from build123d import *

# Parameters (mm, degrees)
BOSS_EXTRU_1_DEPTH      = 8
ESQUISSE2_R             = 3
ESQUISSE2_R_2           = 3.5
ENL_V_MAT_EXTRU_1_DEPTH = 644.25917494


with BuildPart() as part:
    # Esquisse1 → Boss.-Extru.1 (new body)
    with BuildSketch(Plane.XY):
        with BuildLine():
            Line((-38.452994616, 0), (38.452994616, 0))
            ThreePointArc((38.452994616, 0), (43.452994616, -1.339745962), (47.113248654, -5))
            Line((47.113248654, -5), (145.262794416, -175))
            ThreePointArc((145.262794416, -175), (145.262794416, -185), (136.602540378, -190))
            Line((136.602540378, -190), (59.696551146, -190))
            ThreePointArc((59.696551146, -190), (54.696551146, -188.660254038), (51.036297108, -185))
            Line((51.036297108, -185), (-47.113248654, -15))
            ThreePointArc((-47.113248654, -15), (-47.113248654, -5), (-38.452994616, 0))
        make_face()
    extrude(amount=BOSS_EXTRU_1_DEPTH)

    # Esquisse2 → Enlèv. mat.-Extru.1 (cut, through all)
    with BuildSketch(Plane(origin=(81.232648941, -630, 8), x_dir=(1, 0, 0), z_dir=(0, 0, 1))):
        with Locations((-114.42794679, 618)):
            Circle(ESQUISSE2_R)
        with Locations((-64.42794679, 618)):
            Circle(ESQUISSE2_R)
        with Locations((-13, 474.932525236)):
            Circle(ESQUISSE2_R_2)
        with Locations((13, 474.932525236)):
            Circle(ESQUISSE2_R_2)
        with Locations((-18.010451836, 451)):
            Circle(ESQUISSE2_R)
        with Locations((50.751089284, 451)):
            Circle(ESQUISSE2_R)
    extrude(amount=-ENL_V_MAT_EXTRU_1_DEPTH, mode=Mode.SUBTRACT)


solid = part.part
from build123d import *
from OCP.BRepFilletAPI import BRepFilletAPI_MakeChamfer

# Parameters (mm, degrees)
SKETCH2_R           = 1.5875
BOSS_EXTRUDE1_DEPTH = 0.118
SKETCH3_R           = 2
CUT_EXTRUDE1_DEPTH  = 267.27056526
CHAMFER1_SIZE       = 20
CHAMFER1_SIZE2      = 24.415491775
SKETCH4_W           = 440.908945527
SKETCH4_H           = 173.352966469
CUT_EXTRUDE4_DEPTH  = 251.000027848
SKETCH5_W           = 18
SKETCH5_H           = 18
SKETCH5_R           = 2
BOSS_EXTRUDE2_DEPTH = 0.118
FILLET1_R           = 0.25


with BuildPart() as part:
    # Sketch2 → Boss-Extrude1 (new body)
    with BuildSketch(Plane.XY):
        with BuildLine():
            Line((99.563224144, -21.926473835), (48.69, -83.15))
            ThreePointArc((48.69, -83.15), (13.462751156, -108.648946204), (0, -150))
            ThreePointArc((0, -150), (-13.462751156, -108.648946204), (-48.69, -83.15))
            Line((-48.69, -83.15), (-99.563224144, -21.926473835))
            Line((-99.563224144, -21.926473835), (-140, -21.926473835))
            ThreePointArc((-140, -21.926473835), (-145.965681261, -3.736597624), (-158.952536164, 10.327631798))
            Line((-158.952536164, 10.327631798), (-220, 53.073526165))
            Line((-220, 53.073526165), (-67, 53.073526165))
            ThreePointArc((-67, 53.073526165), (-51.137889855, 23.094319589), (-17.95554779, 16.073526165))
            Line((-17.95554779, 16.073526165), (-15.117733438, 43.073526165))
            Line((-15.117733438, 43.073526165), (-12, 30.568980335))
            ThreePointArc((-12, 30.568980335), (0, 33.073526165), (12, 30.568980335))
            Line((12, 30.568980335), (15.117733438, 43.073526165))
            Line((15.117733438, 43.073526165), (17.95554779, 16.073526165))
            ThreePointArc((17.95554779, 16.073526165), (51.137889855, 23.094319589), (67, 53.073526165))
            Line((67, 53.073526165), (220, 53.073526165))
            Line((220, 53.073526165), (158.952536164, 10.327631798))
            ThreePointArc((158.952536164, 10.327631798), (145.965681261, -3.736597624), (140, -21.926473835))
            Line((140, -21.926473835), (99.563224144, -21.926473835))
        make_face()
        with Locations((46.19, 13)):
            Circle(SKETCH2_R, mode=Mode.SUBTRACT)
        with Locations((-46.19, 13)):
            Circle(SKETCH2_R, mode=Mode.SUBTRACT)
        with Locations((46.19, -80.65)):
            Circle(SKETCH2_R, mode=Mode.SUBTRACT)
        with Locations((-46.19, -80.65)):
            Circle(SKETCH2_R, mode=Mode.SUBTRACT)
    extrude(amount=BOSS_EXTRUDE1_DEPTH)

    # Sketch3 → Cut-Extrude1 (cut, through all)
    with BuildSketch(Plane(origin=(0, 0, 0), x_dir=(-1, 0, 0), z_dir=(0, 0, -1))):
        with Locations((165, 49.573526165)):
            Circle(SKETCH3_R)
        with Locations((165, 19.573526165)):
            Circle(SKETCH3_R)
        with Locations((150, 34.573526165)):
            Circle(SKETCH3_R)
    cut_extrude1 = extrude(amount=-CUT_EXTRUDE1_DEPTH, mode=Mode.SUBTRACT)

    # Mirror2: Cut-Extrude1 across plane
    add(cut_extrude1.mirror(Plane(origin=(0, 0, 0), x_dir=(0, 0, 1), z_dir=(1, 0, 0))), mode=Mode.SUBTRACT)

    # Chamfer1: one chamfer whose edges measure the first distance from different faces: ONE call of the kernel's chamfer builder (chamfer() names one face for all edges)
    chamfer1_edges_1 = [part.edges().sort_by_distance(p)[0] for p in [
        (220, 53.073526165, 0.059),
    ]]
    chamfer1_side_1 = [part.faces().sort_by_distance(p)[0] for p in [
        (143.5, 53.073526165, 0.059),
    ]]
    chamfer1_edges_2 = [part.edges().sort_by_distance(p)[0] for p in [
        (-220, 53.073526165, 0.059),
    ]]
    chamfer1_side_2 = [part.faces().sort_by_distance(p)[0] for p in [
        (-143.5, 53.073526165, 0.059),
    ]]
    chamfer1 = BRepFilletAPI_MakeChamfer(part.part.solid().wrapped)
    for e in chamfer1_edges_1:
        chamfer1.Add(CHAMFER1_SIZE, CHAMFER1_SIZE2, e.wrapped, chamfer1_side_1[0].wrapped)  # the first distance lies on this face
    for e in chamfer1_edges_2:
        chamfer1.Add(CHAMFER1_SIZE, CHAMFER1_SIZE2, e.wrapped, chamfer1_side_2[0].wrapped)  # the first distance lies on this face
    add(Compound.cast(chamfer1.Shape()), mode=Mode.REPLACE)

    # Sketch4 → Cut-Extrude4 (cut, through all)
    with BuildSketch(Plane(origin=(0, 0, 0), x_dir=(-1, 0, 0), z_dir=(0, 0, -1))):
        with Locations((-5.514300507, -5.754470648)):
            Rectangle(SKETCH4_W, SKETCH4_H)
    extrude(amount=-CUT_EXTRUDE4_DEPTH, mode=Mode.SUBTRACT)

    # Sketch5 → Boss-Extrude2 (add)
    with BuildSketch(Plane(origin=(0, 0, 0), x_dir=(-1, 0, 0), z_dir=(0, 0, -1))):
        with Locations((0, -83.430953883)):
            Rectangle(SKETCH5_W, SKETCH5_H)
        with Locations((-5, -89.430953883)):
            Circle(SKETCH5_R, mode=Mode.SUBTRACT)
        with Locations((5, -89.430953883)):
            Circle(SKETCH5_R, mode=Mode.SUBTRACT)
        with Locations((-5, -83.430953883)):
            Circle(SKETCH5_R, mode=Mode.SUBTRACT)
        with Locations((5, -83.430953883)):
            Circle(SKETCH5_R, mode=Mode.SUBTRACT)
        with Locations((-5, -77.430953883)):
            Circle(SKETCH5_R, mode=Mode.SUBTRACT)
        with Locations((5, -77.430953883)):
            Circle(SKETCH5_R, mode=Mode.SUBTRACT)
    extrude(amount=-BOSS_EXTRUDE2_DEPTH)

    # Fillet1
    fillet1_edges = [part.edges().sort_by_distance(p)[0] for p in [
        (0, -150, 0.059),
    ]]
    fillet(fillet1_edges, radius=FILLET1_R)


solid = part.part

+++

Action item - The count alone is needed: how many lines of these entries contain the word "amount"?

Exercise response - 6